### What the task asks
From the line with "J1: USB_B_Micro; USB_Micro-B_Molex-105017-0001;" to the line with "R11, R12: 1k5;", retype every line exactly, including those two, and leave out the rest of the data below.

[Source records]

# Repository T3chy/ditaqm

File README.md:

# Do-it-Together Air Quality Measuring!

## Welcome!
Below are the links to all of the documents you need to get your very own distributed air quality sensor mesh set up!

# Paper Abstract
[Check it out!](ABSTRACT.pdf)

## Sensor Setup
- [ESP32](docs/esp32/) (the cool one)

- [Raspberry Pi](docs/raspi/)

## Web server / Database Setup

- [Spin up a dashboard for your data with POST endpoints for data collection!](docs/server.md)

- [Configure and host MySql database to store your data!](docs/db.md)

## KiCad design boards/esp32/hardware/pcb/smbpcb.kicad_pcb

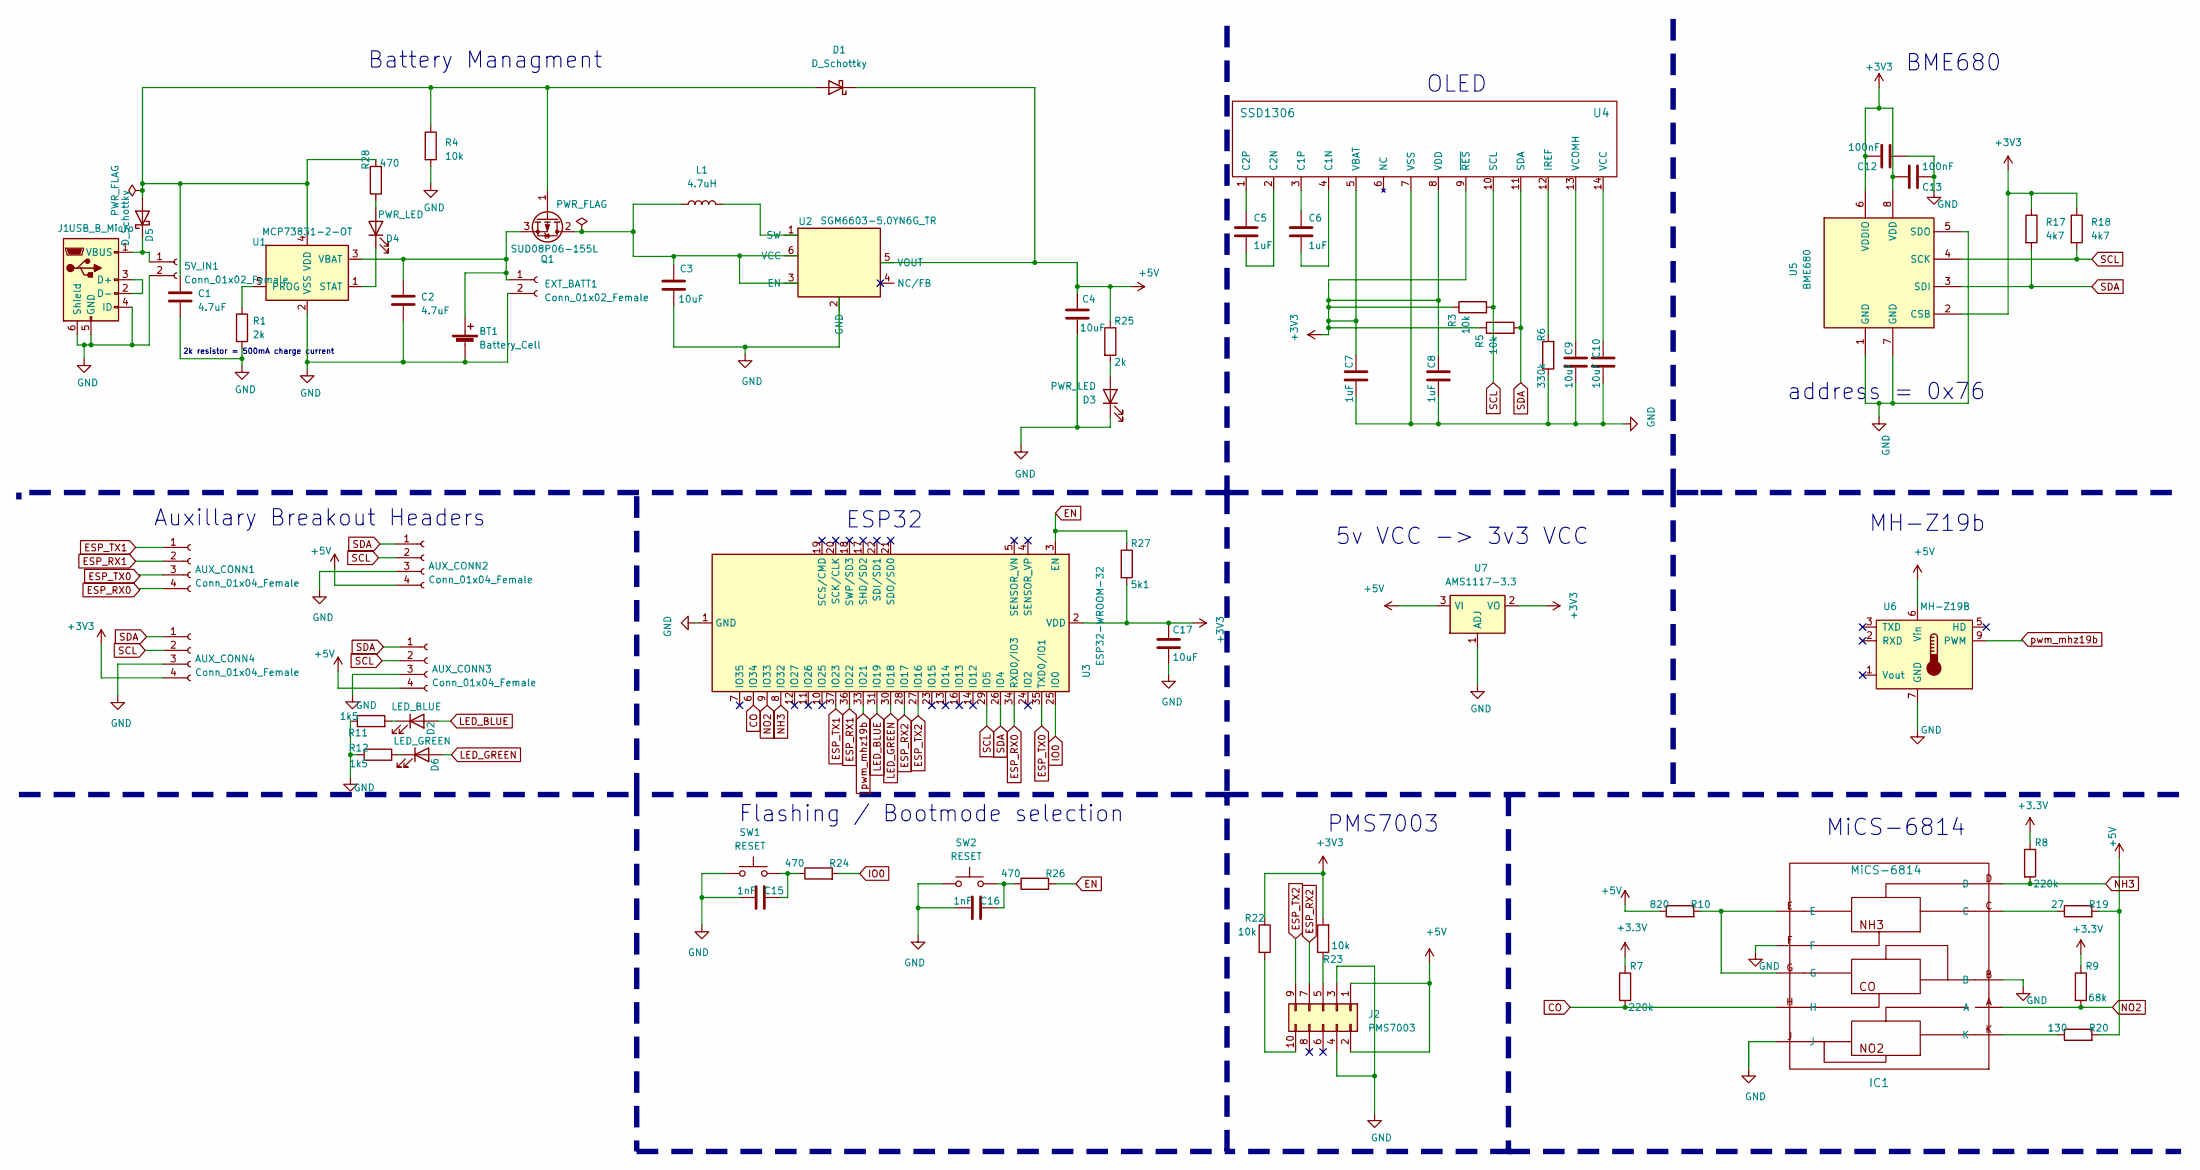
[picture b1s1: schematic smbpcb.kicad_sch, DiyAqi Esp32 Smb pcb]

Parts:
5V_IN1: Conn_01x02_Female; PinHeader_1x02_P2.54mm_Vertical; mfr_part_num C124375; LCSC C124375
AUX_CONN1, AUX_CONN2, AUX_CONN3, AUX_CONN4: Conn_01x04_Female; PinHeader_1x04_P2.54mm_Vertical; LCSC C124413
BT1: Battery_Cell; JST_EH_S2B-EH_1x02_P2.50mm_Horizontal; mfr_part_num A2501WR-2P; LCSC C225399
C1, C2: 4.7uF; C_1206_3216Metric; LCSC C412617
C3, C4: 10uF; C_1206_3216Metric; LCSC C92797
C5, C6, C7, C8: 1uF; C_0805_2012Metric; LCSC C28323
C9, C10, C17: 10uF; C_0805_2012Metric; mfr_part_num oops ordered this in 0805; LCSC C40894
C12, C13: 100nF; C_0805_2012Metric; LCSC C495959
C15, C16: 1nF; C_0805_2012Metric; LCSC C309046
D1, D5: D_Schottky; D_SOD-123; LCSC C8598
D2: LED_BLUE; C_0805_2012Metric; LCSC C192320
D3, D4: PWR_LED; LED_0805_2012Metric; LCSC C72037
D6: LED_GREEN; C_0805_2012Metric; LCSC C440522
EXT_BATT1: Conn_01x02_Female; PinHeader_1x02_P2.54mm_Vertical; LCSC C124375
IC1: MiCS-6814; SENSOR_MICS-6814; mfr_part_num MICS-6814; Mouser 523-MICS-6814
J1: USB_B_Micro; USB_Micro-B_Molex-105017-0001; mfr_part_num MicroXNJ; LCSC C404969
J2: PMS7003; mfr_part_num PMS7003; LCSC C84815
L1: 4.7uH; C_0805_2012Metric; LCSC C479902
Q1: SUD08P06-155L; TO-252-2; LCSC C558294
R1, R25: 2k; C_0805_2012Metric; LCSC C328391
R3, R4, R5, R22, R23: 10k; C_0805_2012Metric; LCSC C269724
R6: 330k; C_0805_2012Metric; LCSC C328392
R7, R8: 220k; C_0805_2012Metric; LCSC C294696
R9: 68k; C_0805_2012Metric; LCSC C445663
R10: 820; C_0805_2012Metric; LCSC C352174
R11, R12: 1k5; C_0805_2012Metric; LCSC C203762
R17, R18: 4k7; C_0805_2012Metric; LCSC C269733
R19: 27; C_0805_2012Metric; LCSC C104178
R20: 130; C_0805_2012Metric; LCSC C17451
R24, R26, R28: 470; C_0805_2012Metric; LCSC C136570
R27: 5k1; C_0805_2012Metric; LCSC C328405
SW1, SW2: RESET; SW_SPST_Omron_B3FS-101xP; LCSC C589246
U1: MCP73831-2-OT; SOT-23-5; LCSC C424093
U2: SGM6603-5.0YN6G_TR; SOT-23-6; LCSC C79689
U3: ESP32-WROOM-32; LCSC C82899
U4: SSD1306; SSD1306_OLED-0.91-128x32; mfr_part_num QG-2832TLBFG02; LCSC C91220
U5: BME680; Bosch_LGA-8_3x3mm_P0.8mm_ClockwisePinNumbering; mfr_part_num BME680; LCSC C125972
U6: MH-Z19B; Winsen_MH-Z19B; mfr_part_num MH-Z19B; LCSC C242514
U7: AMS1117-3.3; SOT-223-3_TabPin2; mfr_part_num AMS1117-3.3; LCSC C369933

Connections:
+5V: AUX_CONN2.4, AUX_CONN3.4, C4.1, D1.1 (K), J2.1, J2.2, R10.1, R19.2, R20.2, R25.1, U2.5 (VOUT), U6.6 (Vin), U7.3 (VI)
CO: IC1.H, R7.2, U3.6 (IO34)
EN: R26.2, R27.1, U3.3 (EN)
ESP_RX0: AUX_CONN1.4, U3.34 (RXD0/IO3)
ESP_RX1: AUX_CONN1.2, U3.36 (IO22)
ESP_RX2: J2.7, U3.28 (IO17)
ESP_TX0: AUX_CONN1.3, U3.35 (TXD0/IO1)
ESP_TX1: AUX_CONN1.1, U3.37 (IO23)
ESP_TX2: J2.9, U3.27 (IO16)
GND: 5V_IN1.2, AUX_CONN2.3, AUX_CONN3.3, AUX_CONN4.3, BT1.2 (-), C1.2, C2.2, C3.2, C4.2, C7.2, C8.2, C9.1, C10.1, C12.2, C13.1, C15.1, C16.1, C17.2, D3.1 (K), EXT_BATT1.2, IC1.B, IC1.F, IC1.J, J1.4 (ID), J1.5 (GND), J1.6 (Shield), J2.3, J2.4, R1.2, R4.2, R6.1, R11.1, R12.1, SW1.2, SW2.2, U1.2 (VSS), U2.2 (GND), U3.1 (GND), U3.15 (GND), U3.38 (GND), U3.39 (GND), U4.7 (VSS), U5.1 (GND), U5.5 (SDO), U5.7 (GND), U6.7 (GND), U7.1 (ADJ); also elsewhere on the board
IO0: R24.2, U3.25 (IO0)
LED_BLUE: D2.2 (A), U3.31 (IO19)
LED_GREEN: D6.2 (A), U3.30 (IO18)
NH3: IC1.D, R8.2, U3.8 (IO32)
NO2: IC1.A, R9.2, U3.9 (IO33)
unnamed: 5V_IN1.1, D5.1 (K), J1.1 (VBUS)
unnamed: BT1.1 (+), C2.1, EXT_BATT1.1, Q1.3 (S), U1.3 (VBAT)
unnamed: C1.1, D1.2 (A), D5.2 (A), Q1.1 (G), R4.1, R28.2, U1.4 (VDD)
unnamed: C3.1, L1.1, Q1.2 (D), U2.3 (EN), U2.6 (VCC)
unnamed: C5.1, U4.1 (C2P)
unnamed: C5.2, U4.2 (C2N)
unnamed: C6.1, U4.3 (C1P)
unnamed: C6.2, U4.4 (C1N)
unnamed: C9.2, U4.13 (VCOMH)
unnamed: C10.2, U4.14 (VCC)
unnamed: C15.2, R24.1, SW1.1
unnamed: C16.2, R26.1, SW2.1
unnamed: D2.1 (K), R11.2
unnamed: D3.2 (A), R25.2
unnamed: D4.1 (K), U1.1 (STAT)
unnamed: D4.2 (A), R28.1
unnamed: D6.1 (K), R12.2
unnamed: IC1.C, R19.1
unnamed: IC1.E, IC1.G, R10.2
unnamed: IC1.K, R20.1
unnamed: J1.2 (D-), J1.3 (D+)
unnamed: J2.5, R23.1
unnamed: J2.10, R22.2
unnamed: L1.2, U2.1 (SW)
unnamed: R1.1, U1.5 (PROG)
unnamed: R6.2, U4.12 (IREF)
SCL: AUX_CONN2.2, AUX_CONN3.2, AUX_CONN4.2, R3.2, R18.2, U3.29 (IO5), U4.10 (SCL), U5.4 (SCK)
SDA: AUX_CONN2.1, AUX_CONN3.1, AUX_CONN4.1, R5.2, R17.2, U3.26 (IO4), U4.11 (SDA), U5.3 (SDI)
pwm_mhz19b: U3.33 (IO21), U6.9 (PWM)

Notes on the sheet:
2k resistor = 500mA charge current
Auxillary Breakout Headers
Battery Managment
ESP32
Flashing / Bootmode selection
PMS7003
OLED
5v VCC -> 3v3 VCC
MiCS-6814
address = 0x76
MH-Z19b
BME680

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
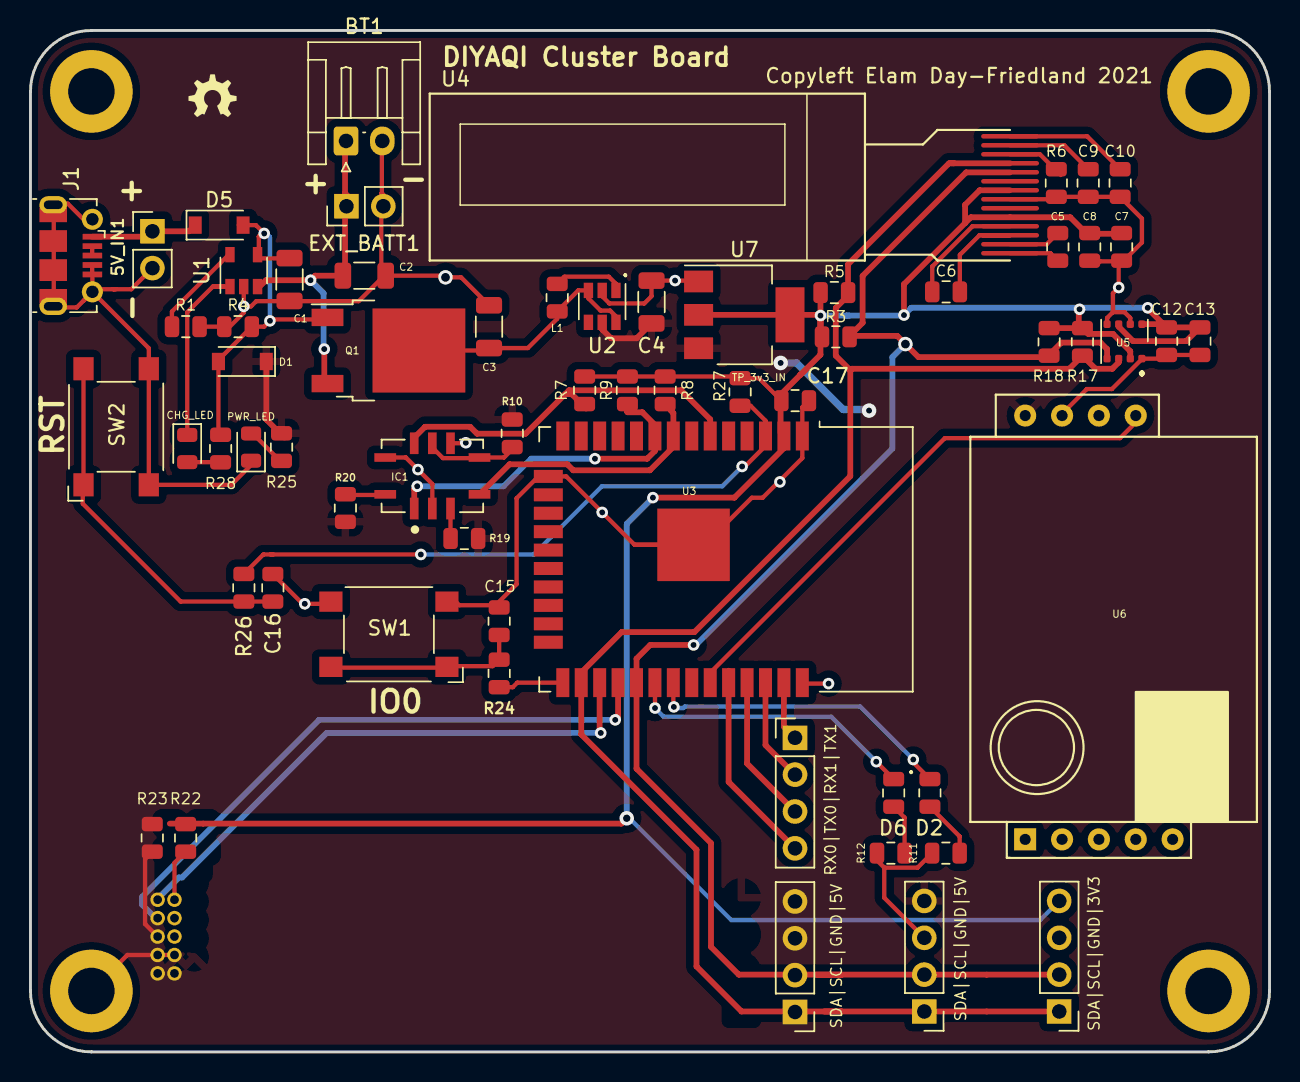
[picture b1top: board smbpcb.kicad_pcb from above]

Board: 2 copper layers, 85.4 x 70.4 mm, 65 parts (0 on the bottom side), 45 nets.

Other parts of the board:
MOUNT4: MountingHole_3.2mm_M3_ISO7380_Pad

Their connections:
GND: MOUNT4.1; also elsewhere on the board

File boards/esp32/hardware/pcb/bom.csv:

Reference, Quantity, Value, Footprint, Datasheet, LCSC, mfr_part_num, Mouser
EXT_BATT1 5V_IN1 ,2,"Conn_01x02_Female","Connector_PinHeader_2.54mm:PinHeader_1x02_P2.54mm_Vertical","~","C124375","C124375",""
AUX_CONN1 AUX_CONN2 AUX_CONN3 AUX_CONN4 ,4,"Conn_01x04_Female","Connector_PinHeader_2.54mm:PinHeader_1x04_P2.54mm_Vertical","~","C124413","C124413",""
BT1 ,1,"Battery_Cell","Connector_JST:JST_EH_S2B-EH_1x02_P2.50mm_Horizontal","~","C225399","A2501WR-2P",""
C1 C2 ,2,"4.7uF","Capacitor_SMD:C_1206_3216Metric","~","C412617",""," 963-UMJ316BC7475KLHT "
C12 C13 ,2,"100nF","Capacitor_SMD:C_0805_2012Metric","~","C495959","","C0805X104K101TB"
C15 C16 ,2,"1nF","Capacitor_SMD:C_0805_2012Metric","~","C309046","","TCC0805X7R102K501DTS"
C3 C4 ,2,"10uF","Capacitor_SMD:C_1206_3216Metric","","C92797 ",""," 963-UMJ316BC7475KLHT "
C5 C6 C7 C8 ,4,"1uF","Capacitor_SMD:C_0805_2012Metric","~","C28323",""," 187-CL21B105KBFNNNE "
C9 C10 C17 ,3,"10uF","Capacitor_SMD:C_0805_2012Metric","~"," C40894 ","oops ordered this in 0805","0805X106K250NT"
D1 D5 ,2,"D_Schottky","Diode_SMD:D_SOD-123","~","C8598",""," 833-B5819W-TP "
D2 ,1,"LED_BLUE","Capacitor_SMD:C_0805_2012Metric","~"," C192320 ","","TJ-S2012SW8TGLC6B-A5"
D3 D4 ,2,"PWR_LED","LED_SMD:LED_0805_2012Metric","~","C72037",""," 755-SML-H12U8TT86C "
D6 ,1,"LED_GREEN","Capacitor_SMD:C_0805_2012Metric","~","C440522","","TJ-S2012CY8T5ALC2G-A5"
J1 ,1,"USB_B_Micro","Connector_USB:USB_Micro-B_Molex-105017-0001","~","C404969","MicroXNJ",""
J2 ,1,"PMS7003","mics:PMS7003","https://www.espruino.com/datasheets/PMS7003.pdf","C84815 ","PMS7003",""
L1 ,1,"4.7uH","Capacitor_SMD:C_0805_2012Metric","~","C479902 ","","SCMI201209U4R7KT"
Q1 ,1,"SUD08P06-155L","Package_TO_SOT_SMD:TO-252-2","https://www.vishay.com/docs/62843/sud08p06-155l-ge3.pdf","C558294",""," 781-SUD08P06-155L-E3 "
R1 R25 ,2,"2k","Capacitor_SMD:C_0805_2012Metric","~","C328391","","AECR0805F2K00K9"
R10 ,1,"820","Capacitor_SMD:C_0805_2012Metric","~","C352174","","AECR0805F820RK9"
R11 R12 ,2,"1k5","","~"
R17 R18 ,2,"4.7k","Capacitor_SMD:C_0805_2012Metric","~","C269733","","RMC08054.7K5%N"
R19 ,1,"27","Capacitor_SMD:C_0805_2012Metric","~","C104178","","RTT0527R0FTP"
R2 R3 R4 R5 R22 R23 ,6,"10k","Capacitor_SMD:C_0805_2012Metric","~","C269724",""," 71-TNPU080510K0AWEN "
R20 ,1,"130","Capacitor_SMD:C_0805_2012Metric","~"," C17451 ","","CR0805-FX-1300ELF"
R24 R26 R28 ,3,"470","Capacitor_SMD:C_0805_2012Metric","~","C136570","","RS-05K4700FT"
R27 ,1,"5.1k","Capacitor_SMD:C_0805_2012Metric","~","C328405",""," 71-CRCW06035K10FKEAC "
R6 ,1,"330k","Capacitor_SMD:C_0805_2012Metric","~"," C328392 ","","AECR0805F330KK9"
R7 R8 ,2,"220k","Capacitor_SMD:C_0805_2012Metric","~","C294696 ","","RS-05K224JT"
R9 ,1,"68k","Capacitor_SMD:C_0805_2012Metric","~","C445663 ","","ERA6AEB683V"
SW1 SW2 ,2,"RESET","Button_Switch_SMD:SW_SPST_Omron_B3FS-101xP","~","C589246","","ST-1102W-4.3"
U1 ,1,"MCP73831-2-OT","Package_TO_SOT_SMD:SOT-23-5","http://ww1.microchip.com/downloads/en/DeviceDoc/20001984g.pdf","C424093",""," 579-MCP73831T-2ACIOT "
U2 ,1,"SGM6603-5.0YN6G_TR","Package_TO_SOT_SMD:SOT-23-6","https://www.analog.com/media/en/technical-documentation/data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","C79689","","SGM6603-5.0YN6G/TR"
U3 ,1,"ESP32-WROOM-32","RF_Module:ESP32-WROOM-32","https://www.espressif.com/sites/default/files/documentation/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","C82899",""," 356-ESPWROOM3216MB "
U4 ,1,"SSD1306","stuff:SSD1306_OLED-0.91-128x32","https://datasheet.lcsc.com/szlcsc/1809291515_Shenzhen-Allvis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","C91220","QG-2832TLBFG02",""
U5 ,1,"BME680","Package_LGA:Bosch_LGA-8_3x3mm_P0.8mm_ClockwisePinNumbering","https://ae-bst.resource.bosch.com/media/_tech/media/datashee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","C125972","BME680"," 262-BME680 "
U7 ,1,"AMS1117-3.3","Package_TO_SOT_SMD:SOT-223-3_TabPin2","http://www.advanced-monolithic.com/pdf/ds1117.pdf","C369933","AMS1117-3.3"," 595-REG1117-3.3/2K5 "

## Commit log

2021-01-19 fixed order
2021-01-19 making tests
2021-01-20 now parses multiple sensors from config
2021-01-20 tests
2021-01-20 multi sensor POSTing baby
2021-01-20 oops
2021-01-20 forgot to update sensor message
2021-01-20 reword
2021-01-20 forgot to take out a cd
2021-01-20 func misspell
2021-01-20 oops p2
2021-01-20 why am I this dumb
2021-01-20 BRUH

### Response below
J1: USB_B_Micro; USB_Micro-B_Molex-105017-0001; mfr_part_num MicroXNJ; LCSC C404969
J2: PMS7003; mfr_part_num PMS7003; LCSC C84815
L1: 4.7uH; C_0805_2012Metric; LCSC C479902
Q1: SUD08P06-155L; TO-252-2; LCSC C558294
R1, R25: 2k; C_0805_2012Metric; LCSC C328391
R3, R4, R5, R22, R23: 10k; C_0805_2012Metric; LCSC C269724
R6: 330k; C_0805_2012Metric; LCSC C328392
R7, R8: 220k; C_0805_2012Metric; LCSC C294696
R9: 68k; C_0805_2012Metric; LCSC C445663
R10: 820; C_0805_2012Metric; LCSC C352174
R11, R12: 1k5; C_0805_2012Metric; LCSC C203762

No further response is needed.